3.4. More_Python types

We’ve learned about numbers and strings, but the world does not consist of numbers and strings alone, not even in a programming language. First of all there is the world outside the program. There are different types for files (or, more precisely, for the streams by which we communicate with them) and for the endpoints of our connections to the outside world (for instance, in talking to another host on the internet or to a printer). But even before we get to the outside world, there is the basic need to have data that is structured, in a way we now try to make clear.

Sometimes we need data that contains other data. In Python, this kind of datum is called a container.

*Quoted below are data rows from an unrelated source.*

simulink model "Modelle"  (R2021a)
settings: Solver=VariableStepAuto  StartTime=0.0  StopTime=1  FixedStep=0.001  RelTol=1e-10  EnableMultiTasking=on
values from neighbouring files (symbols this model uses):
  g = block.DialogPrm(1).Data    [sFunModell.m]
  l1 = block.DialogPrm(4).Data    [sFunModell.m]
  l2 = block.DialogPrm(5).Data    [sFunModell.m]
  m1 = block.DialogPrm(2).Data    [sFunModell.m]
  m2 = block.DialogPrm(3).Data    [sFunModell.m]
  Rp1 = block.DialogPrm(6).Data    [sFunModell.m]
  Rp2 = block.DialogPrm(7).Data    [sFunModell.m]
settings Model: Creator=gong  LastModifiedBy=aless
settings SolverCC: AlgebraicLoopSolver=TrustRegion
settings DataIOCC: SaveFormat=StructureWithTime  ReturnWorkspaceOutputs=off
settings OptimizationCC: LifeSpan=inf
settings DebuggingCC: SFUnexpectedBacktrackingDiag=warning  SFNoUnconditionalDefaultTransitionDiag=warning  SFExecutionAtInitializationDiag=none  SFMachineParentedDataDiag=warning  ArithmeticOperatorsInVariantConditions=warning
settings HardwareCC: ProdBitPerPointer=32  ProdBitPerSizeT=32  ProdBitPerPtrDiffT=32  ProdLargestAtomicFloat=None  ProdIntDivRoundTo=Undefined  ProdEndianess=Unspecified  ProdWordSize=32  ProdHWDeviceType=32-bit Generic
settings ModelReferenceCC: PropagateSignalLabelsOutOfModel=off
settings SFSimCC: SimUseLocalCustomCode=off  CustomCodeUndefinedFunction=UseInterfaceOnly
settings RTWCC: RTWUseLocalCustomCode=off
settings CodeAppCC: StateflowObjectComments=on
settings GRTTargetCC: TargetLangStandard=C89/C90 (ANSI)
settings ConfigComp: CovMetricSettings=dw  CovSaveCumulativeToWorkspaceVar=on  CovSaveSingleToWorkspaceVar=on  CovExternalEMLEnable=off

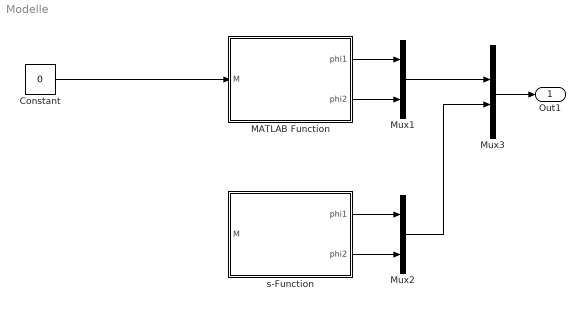
== system Modelle ==
  Constant : Constant  Value=0
  MATLAB Function : Subsystem
  Mux1 : Mux  Inputs=2
  Mux2 : Mux  Inputs=2
  Mux3 : Mux
  s-Function : Subsystem
  Out1 : Outport
  wires:
  MATLAB Function/1(phi1) -> Mux1/1
  MATLAB Function/2(phi2) -> Mux1/2
  s-Function/1(phi1) -> Mux2/1
  s-Function/2(phi2) -> Mux2/2
  Mux1/1 -> Mux3/2
  Mux2/1 -> Mux3/3
  Mux3/1 -> Out1/1
  Constant/1 -> MATLAB Function/1(M)

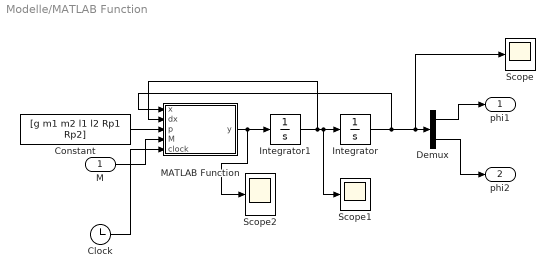
== system Modelle/MATLAB Function ==
  M : Inport
  Clock : Clock
      settings: Decimation=1000
  Constant : Constant  Value=[g m1 m2 l1 l2 Rp1 Rp2]
  Demux : Demux  Outputs=2
  Integrator : Integrator
  Integrator1 : Integrator
  MATLAB Function : MATLAB Function  TreatAsAtomicUnit=on
  Scope : Scope
  Scope1 : Scope
  Scope2 : Scope
  phi1 : Outport
  phi2 : Outport  Port=2
  wires:
  Constant/1 -> MATLAB Function/3(p)
  M/1 -> MATLAB Function/4(M)
  Demux/1 -> phi1/1
  Demux/2 -> phi2/1
  MATLAB Function/1(y) -> Scope2/1, Integrator1/1
  Integrator1/1 -> MATLAB Function/2(dx), Scope1/1, Integrator/1
  Integrator/1 -> MATLAB Function/1(x), Scope/1, Demux/1
  Clock/1 -> MATLAB Function/5(clock)

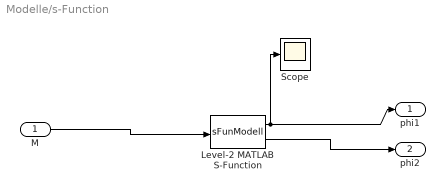
== system Modelle/s-Function ==
  M : Inport
  Level-2 MATLAB S-Function : M-S-Function  FunctionName=sFunModell  Parameters=g, m1, m2, l1, l2, Rp1, Rp2
  Scope : Scope
  phi1 : Outport
  phi2 : Outport  Port=2
  wires:
  M/1 -> Level-2 MATLAB S-Function/1
  Level-2 MATLAB S-Function/1 -> Scope/1, phi1/1
  Level-2 MATLAB S-Function/2 -> phi2/1

== matlab function Modelle/MATLAB Function/MATLAB Function ==
  data: x input; y output size=[1 2]; dx input; p input; M input; clock input
function y = fcn(x,dx, p, M, clock)
g=p(1);
m1=p(2);
m2=p(3);
l1=p(4);
l2=p(5);
Rp1=p(6);
Rp2=p(7);

    
phi1=x(1);
phi2=x(2);
dphi1=dx(1);
dphi2=dx(2);


ddphi1= -(24*(26*Rp1*dphi1*l2 - 26*M*l2 + 26*Rp2*dphi1*l2 - 26*Rp2*dphi2*l2 + 48*Rp2*dphi1*l1*cos(phi1 - phi2)...
    - 48*Rp2*dphi2*l1*cos(phi1 - phi2) + 12*g*l1*l2*m2*sin(phi1 - 2*phi2)...
    + 12*dphi1^2*l1^2*l2*m2*sin(2*phi1 - 2*phi2) + 13*dphi2^2*l1*l2^2*m2*sin(phi1 - phi2)...
    + 27*g*l1*l2*m2*sin(phi1)))/(l1^2*l2*(169*m1 + 336*m2 - 288*m2*cos(2*phi1 - 2*phi2)))


ddphi2=(24*(26*Rp2*dphi1*l1*m1 - 48*M*l2*m2*cos(phi1 - phi2) + 96*Rp2*dphi1*l1*m2...
    - 26*Rp2*dphi2*l1*m1 - 96*Rp2*dphi2*l1*m2 + 48*dphi1^2*l1^2*l2*m2^2*sin(phi1 - phi2)...
    - 12*g*l1*l2*m2^2*sin(phi2) + 12*dphi2^2*l1*l2^2*m2^2*sin(2*phi1 - 2*phi2)...
    + 36*g*l1*l2*m2^2*sin(2*phi1 - phi2) + 48*Rp1*dphi1*l2*m2*cos(phi1 - phi2)...
    + 48*Rp2*dphi1*l2*m2*cos(phi1 - phi2) - 48*Rp2*dphi2*l2*m2*cos(phi1 - phi2)...
    + 13*dphi1^2*l1^2*l2*m1*m2*sin(phi1 - phi2) - 13*g*l1*l2*m1*m2*sin(phi2)))...
    /(l1*l2^2*m2*(169*m1 + 336*m2 - 288*m2*cos(2*phi1 - 2*phi2)))





y = [ddphi1, ddphi2];
simulink model "Dyn_Nonlinear_four"  (R2021a)
settings: Solver=VariableStepAuto  StartTime=0.0  StopTime=10  FixedStep=0.048  MaxStep=0.048  RelTol=1e-5
(part 2 of 7)

== matlab function Dyn_Nonlinear_four/MATLAB Function1 ==
  data: a_teta input; tau output; t input; td input
function tau  = fcn(a_teta, t, td)
theta1 = t(1); theta2 = t(2); theta3 = t(3); 
theta4 = t(4); theta5 = t(5);  

thetad1 = td(1); thetad2 = td(2); thetad3 = td(3);
thetad4 = td(4); thetad5 = td(5); 

M=zeros(5);
M(1,1) = 0.1666*cos(theta4) - 0.4018*sin(theta4) + 0.028*cos(theta4)*cos(theta5) - 1.12*cos(theta1)*sin(theta1) + 0.095452*cos(theta2)*sin(theta2) + 0.367108*cos(theta3)*sin(theta3) - 0.103292*cos(theta4)*sin(theta4) - 0.14*cos(theta4)*sin(theta5) + 0.028*cos(theta5)*sin(theta5) - 3.54*cos(theta1)^2 + 0.30418*cos(theta2)^2 - 0.217828*cos(theta3)^2 - 0.030156*cos(theta4)^2 + 0.0672*cos(theta5)^2 + 0.87*cos(theta2)^2*cos(theta3) - 0.1666*cos(theta2)^2*cos(theta4) - 0.1666*cos(theta3)^2*cos(theta4) - 0.3136*cos(theta2)^2*sin(theta3) + 0.4018*cos(theta2)^2*sin(theta4) + 0.4018*cos(theta3)^2*sin(theta4) + 0.435656*cos(theta2)^2*cos(theta3)^2 + 0.060312*cos(theta2)^2*cos(theta4)^2 - 0.0672*cos(theta2)^2*cos(theta5)^2 + 0.060312*cos(theta3)^2*cos(theta4)^2 - 0.0672*cos(theta3)^2*cos(theta5)^2 - 0.0672*cos(theta4)^2*cos(theta5)^2 - 0.120624*cos(theta2)^2*cos(theta3)^2*cos(theta4)^2 + 0.1344*cos(theta2)^2*cos(theta3)^2*cos(theta5)^2 + 0.1344*cos(theta2)^2*cos(theta4)^2*cos(theta5)^2 + 0.1344*cos(theta3)^2*cos(theta4)^2*cos(theta5)^2 - 0.87*cos(theta2)*sin(theta2)*sin(theta3) + 0.1666*cos(theta2)*sin(theta2)*sin(theta4) + 0.098*cos(theta2)*sin(theta2)*sin(theta5) + 0.1666*cos(theta3)*sin(theta3)*sin(theta4) + 0.098*cos(theta3)*sin(theta3)*sin(theta5) + 0.098*cos(theta4)*sin(theta4)*sin(theta5) + 0.1666*cos(theta2)^2*cos(theta3)*cos(theta4) - 0.028*cos(theta2)^2*cos(theta4)*cos(theta5) - 0.028*cos(theta3)^2*cos(theta4)*cos(theta5) - 0.734216*cos(theta2)*cos(theta3)^2*sin(theta2) + 0.206584*cos(theta2)*cos(theta4)^2*sin(theta2) - 0.734216*cos(theta2)^2*cos(theta3)*sin(theta3) - 0.4018*cos(theta2)^2*cos(theta3)*sin(theta4) - 0.4018*cos(theta2)^2*cos(theta4)*sin(theta3) + 0.206584*cos(theta3)*cos(theta4)^2*sin(theta3) + 0.206584*cos(theta2)^2*cos(theta4)*sin(theta4) + 0.14*cos(theta2)^2*cos(theta4)*sin(theta5) + 0.206584*cos(theta3)^2*cos(theta4)*sin(theta4) - 0.028*cos(theta2)^2*cos(theta5)*sin(theta5) + 0.14*cos(theta3)^2*cos(theta4)*sin(theta5) - 0.028*cos(theta3)^2*cos(theta5)*sin(theta5) - 0.028*cos(theta4)^2*cos(theta5)*sin(theta5) - 0.1666*cos(theta2)^2*sin(theta3)*sin(theta4) + 0.3332*cos(theta2)^2*cos(theta3)^2*cos(theta4) - 0.8036*cos(theta2)^2*cos(theta3)^2*sin(theta4) - 0.3136*cos(theta2)*cos(theta3)*sin(theta2) + 0.4018*cos(theta2)*cos(theta4)*sin(theta2) - 0.0196*cos(theta2)*cos(theta5)*sin(theta2) + 0.4018*cos(theta3)*cos(theta4)*sin(theta3) - 0.0196*cos(theta3)*cos(theta5)*sin(theta3) - 0.0196*cos(theta4)*cos(theta5)*sin(theta4) + 0.028*cos(theta2)^2*cos(theta3)*cos(theta4)*cos(theta5) - 0.8036*cos(theta2)*cos(theta3)^2*cos(theta4)*sin(theta2) + 0.0392*cos(theta2)*cos(theta3)^2*cos(theta5)*sin(theta2) - 0.8036*cos(theta2)^2*cos(theta3)*cos(theta4)*sin(theta3) + 0.0392*cos(theta2)*cos(theta4)^2*cos(theta5)*sin(theta2) + 0.0392*cos(theta2)^2*cos(theta3)*cos(theta5)*sin(theta3) - 0.14*cos(theta2)^2*cos(theta3)*cos(theta4)*sin(theta5) + 0.0392*cos(theta3)*cos(theta4)^2*cos(theta5)*sin(theta3) + 0.0392*cos(theta2)^2*cos(theta4)*cos(theta5)*sin(theta4) + 0.0392*cos(theta3)^2*cos(theta4)*cos(theta5)*sin(theta4) - 0.2688*cos(theta2)^2*cos(theta3)^2*cos(theta4)^2*cos(theta5)^2 - 0.3332*cos(theta2)*cos(theta3)^2*sin(theta2)*sin(theta4) - 0.196*cos(theta2)*cos(theta3)^2*sin(theta2)*sin(theta5) - 0.3332*cos(theta2)^2*cos(theta3)*sin(theta3)*sin(theta4) - 0.196*cos(theta2)*cos(theta4)^2*sin(theta2)*sin(theta5) - 0.196*cos(theta2)^2*cos(theta3)*sin(theta3)*sin(theta5) - 0.028*cos(theta2)^2*cos(theta5)*sin(theta3)*sin(theta4) - 0.196*cos(theta3)*cos(theta4)^2*sin(theta3)*sin(theta5) - 0.196*cos(theta2)^2*cos(theta4)*sin(theta4)*sin(theta5) - 0.196*cos(theta3)^2*cos(theta4)*sin(theta4)*sin(theta5) + 0.14*cos(theta2)^2*sin(theta3)*sin(theta4)*sin(theta5) + 0.056*cos(theta2)^2*cos(theta3)^2*cos(theta4)*cos(theta5) - 0.413168*cos(theta2)*cos(theta3)^2*cos(theta4)^2*sin(theta2) - 0.413168*cos(theta2)^2*cos(theta3)*cos(theta4)^2*sin(theta3) - 0.413168*cos(theta2)^2*cos(theta3)^2*cos(theta4)*sin(theta4) - 0.28*cos(theta2)^2*cos(theta3)^2*cos(theta4)*sin(theta5) + 0.056*cos(theta2)^2*cos(theta3)^2*cos(theta5)*sin(theta5) + 0.056*cos(theta2)^2*cos(theta4)^2*cos(theta5)*sin(theta5) + 0.056*cos(theta3)^2*cos(theta4)^2*cos(theta5)*sin(theta5) - 0.4018*cos(theta2)*cos(theta3)*cos(theta4)*sin(theta2) - 0.435656*cos(theta2)*cos(theta3)*sin(theta2)*sin(theta3) - 0.1666*cos(theta2)*cos(theta3)*sin(theta2)*sin(theta4) - 0.1666*cos(theta2)*cos(theta4)*sin(theta2)*sin(theta3) - 0.060312*cos(theta2)*cos(theta4)*sin(theta2)*sin(theta4) + 0.028*cos(theta2)*cos(theta5)*sin(theta2)*sin(theta4) - 0.060312*cos(theta3)*cos(theta4)*sin(theta3)*sin(theta4) + 0.028*cos(theta3)*cos(theta5)*sin(theta3)*sin(theta4) + 0.4018*cos(theta2)*sin(theta2)*sin(theta3)*sin(theta4) - 0.14*cos(theta2)*sin(theta2)*sin(theta4)*sin(theta5) - 0.14*cos(theta3)*sin(theta3)*sin(theta4)*sin(theta5) + 0.120624*cos(theta2)*cos(theta3)*cos(theta4)^2*sin(theta2)*sin(theta3) - 0.1344*cos(theta2)*cos(theta3)*cos(theta5)^2*sin(theta2)*sin(theta3) + 0.120624*cos(theta2)*cos(theta3)^2*cos(theta4)*sin(theta2)*sin(theta4) - 0.056*cos(theta2)*cos(theta3)^2*cos(theta5)*sin(theta2)*sin(theta4) + 0.120624*cos(theta2)^2*cos(theta3)*cos(theta4)*sin(theta3)*sin(theta4) - 0.1344*cos(theta2)*cos(theta4)*cos(theta5)^2*sin(theta2)*sin(theta4) - 0.056*cos(theta2)^2*cos(theta3)*cos(theta5)*sin(theta3)*sin(theta4) - 0.1344*cos(theta3)*cos(theta4)*cos(theta5)^2*sin(theta3)*sin(theta4) + 0.28*cos(theta2)*cos(theta3)^2*sin(theta2)*sin(theta4)*sin(theta5) + 0.28*cos(theta2)^2*cos(theta3)*sin(theta3)*sin(theta4)*sin(theta5) - 0.0784*cos(theta2)*cos(theta3)^2*cos(theta4)^2*cos(theta5)*sin(theta2) - 0.0784*cos(theta2)^2*cos(theta3)*cos(theta4)^2*cos(theta5)*sin(theta3) - 0.0784*cos(theta2)^2*cos(theta3)^2*cos(theta4)*cos(theta5)*sin(theta4) + 0.392*cos(theta2)*cos(theta3)^2*cos(theta4)^2*sin(theta2)*sin(theta5) + 0.392*cos(theta2)^2*cos(theta3)*cos(theta4)^2*sin(theta3)*sin(theta5) + 0.392*cos(theta2)^2*cos(theta3)^2*cos(theta4)*sin(theta4)*sin(theta5) - 0.3332*cos(theta2)*cos(theta3)*cos(theta4)*sin(theta2)*sin(theta3) - 0.028*cos(theta2)*cos(theta3)*cos(theta5)*sin(theta2)*sin(theta4) - 0.028*cos(theta2)*cos(theta4)*cos(theta5)*sin(theta2)*sin(theta3) - 0.112*cos(theta2)^2*cos(theta3)^2*cos(theta4)^2*cos(theta5)*sin(theta5) + 0.8036*cos(theta2)*cos(theta3)*sin(theta2)*sin(theta3)*sin(theta4) + 0.14*cos(theta2)*cos(theta3)*sin(theta2)*sin(theta4)*sin(theta5) + 0.14*cos(theta2)*cos(theta4)*sin(theta2)*sin(theta3)*sin(theta5) + 0.2688*cos(theta2)*cos(theta3)*cos(theta4)^2*cos(theta5)^2*sin(theta2)*sin(theta3) + 0.2688*cos(theta2)*cos(theta3)^2*cos(theta4)*cos(theta5)^2*sin(theta2)*sin(theta4) + 0.2688*cos(theta2)^2*cos(theta3)*cos(theta4)*cos(theta5)^2*sin(theta3)*sin(theta4) - 0.056*cos(theta2)*cos(theta3)*cos(theta4)*cos(theta5)*sin(theta2)*sin(theta3) + 0.413168*cos(theta2)*cos(theta3)*cos(theta4)*sin(theta2)*sin(theta3)*sin(theta4) + 0.28*cos(theta2)*cos(theta3)*cos(theta4)*sin(theta2)*sin(theta3)*sin(theta5) - 0.056*cos(theta2)*cos(theta3)*cos(theta5)*sin(theta2)*sin(theta3)*sin(theta5) - 0.056*cos(theta2)*cos(theta4)*cos(theta5)*sin(theta2)*sin(theta4)*sin(theta5) - 0.056*cos(theta3)*cos(theta4)*cos(theta5)*sin(theta3)*sin(theta4)*sin(theta5) + 0.0784*cos(theta2)*cos(theta3)*cos(theta4)*cos(theta5)*sin(theta2)*sin(theta3)*sin(theta4) - 0.392*cos(theta2)*cos(theta3)*cos(theta4)*sin(theta2)*sin(theta3)*sin(theta4)*sin(theta5) + 0.112*cos(theta2)*cos(theta3)*cos(theta4)^2*cos(theta5)*sin(theta2)*sin(theta3)*sin(theta5) + 0.112*cos(theta2)*cos(theta3)^2*cos(theta4)*cos(theta5)*sin(theta2)*sin(theta4)*sin(theta5) + 0.112*cos(theta2)^2*cos(theta3)*cos(theta4)*cos(theta5)*sin(theta3)*sin(theta4)*sin(theta5) + 6.759168 ;
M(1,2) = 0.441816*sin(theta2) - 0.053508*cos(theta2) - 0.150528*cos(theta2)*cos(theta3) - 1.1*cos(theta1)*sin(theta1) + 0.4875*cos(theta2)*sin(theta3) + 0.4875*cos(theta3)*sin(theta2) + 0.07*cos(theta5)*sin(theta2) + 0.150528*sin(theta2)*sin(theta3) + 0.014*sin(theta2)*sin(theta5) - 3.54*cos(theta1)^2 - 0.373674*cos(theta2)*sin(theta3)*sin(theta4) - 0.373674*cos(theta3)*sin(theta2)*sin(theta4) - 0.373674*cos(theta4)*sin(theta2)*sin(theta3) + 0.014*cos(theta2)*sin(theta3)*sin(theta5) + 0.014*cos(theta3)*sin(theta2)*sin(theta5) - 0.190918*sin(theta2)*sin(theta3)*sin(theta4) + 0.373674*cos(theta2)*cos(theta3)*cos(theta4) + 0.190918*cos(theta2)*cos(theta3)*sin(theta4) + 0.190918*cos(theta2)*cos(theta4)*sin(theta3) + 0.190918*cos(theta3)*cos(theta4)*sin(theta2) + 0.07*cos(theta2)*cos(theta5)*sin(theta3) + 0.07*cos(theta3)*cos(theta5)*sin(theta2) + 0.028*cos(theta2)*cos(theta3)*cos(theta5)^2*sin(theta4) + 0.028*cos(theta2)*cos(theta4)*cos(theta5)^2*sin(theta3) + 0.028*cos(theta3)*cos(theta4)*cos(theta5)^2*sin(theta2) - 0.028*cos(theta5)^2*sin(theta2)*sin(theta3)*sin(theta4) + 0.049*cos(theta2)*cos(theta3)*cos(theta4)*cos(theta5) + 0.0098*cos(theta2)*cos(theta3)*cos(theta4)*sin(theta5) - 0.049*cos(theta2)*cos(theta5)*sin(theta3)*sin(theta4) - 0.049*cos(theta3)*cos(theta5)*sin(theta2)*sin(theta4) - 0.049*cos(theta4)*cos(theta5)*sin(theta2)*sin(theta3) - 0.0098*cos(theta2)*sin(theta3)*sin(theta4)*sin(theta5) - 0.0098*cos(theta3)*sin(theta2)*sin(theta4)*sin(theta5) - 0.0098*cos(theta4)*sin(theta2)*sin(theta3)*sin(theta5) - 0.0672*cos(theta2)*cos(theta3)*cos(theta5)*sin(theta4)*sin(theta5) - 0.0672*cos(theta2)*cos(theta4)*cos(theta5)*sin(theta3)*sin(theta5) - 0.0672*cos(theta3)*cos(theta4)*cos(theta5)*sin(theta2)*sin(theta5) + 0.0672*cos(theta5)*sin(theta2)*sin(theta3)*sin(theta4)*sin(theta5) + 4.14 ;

Figure Python container type tree shows the basic Python container types. All serve different needs. The container types are

Python type tree

Python container type tree

One feature that all containers share is they support the in operator:

>>> x = 'abcde'
>>> 'c' in x
True

So containers contain things and x in y checks to see if x is contained in y, and in this case, the character ‘c’ is contained in the string ‘abcde’, so the answer is True. The tree above contains one non-container which is an important special case, file-like objects. These are IO streams for communicating with files or with the user interactively. Technically, file-like objects are not containers, but in many ways you can think of them that way (what they “contain” is lines). They even support the in operator, though it works in a different way (see Files and file IO streams )

Most important Python supertypes

  • Mutable types

  • Containers

  • Iterables

For the authoritative definitions of each of these, see Python.org glossary. The term container is missing from this glossary, though it is clearly a design concept in Python. For a clear discussion (for the geeky) of what a container really is, see the documentation for the Python collections module.